En prévision de l’Aïd El-Adha: Les moutons débarqueront fin mai
Un million de têtes de bétail seront importées d’ici fin mai prochain en Algérie. Cette opération d’envergure, décidée par le Président Tebboune, vise à soulager le pouvoir d’achat des ménages en garantissant des prix accessibles et un approvisionnement suffisant à l’approche de l’Aïd El-Adha.
Dans ce cadre, le secrétaire général du ministère des Transports, Djamel Eddine Abdelghani Dridi, vient d’annoncer, lors d’une visite au port de Djen Djen, la mise en place d’une logistique renforcée pour une réception efficace de ces moutons qui seront importés. Il a ainsi révélé qu’un million de têtes de sacrifice de l’Aïd El-Adha seront reçues d’ici la fin de mai 2025 avant d’être distribués dans les différentes wilayas du pays.
Dridi a également affirmé que des instructions ont été données aux différents responsables du port pour prendre toutes les mesures nécessaires afin d’assurer la réception des sacrifices de l’Aïd El-Adha. Les équipes portuaires et douanières sont désormais mobilisées pour accélérer les procédures dès l’arrivée des premiers navires. A ce titre, des espaces de quarantaine et des circuits vétérinaires dédiés ont été aménagés au port de Djen Djen pour éviter tout risque sanitaire.
L’importation par l’Algérie de moutons en prévision de l’Adha a été décidée par le président Tebboune qui a donné son accord à cette opération au cours d’une récente réunion du conseil des ministres. Tebboune a ordonné l’exemption de l’opération de « toutes taxes et impôts » afin de faire en sorte que les prix des moutons importés soient « à la portée des citoyens ».
Par ailleurs, les offres de trois pays, répondant aux exigences du cahier des charges de l’Algérie, ont été acceptées. Tebboune avait indiqué au cours de sa rencontre périodique avec des médias algériens qu’une partie des ovins sera importée d’Espagne. Ce choix s’explique par la réputation des élevages espagnols, reconnus pour leur conformité aux normes sanitaires internationales.

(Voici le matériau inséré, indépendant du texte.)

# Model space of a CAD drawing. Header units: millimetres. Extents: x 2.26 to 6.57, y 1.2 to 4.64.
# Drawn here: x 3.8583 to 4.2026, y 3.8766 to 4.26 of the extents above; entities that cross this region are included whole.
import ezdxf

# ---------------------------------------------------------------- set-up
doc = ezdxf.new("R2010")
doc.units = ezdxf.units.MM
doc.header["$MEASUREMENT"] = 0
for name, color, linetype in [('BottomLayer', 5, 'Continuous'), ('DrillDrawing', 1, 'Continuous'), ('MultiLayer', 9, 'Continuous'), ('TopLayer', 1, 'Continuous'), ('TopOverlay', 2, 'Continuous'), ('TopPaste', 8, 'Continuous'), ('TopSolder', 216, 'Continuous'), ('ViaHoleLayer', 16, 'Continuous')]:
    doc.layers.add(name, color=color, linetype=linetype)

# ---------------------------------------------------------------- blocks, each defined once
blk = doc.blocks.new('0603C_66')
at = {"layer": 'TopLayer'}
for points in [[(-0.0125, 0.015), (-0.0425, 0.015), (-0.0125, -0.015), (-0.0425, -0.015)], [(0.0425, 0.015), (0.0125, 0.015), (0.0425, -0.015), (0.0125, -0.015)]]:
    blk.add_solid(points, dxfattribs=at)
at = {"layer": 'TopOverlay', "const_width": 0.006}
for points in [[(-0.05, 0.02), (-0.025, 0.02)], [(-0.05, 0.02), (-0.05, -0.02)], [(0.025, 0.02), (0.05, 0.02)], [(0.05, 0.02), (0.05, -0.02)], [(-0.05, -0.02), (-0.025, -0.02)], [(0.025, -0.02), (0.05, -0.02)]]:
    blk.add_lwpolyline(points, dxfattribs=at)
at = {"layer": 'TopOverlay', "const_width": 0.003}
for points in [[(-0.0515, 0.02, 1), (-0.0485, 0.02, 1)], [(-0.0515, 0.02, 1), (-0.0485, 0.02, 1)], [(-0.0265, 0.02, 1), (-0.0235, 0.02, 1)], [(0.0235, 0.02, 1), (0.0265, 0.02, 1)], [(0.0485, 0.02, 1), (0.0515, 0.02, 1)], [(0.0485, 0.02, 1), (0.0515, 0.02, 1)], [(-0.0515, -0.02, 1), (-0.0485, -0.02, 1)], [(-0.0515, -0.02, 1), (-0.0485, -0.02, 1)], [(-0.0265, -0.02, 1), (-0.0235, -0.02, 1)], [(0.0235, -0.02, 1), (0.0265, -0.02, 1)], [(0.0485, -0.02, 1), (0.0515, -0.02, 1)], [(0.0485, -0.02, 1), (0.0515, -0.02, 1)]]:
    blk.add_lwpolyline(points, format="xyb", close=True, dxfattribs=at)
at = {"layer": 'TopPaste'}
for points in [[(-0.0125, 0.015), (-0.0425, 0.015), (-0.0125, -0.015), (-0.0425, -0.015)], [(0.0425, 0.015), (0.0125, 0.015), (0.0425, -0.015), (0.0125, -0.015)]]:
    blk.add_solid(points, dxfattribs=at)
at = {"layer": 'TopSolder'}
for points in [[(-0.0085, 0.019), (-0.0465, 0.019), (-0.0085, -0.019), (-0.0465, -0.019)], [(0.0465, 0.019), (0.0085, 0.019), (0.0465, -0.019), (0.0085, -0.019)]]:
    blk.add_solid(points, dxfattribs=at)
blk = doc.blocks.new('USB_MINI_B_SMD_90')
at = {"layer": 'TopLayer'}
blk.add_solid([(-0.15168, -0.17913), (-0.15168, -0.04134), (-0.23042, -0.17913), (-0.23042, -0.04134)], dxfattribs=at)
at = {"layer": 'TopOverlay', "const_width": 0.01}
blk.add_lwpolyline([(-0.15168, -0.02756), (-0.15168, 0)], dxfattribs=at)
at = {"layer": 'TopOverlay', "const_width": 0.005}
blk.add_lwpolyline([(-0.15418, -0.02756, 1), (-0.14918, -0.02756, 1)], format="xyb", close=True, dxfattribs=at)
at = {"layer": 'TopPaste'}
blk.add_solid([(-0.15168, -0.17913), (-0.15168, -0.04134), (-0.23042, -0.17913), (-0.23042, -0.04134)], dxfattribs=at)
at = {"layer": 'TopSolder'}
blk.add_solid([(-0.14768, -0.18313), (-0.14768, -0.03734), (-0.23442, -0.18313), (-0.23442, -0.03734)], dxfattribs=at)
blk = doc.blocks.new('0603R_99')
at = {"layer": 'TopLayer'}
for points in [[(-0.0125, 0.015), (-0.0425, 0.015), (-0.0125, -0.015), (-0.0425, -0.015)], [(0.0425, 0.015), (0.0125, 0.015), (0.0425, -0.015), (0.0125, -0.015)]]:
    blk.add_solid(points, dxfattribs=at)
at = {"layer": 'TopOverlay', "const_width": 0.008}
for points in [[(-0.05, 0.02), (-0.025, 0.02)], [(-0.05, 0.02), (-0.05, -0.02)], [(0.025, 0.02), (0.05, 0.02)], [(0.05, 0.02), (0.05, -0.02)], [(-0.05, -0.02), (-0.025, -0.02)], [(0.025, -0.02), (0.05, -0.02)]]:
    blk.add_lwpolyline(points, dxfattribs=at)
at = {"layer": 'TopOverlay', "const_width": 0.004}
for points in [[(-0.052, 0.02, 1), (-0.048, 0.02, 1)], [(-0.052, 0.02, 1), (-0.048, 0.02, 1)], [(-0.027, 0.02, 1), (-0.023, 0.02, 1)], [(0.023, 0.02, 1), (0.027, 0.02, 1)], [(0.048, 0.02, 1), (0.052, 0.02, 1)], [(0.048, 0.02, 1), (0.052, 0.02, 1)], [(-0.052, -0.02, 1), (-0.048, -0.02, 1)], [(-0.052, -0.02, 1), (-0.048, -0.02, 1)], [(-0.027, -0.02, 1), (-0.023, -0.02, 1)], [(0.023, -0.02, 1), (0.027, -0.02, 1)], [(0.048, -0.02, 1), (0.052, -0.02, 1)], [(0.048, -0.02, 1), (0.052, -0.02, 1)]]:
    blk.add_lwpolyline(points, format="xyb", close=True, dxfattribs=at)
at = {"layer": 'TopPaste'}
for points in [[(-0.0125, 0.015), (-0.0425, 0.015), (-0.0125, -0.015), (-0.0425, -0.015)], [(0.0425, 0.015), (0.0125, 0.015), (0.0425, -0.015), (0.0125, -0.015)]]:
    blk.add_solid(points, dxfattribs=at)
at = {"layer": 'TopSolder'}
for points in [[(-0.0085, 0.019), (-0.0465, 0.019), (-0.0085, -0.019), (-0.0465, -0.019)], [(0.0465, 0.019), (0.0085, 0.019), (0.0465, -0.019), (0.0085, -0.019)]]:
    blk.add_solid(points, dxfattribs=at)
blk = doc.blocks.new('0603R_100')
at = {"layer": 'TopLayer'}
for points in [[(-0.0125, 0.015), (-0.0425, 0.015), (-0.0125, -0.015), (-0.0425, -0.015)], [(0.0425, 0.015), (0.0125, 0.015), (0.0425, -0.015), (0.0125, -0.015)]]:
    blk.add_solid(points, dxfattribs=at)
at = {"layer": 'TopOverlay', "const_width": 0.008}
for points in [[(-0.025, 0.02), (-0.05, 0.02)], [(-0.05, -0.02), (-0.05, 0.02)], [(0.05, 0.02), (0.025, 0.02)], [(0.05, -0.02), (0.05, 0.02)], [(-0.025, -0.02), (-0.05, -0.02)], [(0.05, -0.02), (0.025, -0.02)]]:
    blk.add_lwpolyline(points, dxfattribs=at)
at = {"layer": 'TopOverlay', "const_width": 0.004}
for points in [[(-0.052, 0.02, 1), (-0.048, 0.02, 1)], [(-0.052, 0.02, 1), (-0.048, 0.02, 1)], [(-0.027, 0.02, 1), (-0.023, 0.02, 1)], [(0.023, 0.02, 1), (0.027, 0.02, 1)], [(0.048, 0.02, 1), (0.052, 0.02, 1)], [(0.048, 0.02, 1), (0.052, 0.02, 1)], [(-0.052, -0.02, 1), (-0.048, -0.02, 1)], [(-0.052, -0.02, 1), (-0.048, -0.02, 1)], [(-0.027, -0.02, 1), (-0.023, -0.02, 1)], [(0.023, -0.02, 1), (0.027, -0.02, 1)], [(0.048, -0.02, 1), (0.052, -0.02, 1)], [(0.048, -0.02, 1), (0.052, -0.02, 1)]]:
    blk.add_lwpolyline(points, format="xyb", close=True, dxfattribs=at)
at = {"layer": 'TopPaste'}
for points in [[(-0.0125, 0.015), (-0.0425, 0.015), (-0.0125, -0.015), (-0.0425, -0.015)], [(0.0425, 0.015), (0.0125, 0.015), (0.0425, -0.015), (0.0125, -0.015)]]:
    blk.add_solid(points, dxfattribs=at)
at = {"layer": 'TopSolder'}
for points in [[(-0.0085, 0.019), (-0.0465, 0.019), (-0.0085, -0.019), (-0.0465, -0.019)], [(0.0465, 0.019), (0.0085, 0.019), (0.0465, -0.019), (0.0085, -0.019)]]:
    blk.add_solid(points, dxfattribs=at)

L’Aïd El-Adha représente un moment clé du calendrier musulman, durant lequel des millions de familles algériennes acquièrent un mouton pour accomplir le rite sacrificiel. Cependant, ces dernières années, la demande excédait souvent l’offre locale, entraînant une inflation des prix et des tensions sur les marchés. En 2024, le prix moyen d’un mouton avait atteint des sommets, dépassant souvent les 100 000 dinars, un montant prohibitif pour de nombreux ménages. Lors de sa dernière rencontre avec la presse nationale, le chef de l’État a trouvé « indécent » le prix atteint en Algérie. « On ne doit pas vendre un mouton à 17 millions de centimes alors que l’Algérie recèle une grande richesse animale, notamment ovine, a-t-il dénoncé. Il a alors annoncé que des « lois draconiennes » seront promulguées pour « réprimer toutes les pratiques visant à porter atteinte à la richesse animale et à la sécurité alimentaire, notamment l’abattage d’agnelles ». L’importation massive de bétail, combinée à l’exonération fiscale, devrait ainsi stabiliser le marché. Les experts estiment que cette mesure sociale pourrait réduire les coûts par rapport aux années précédentes.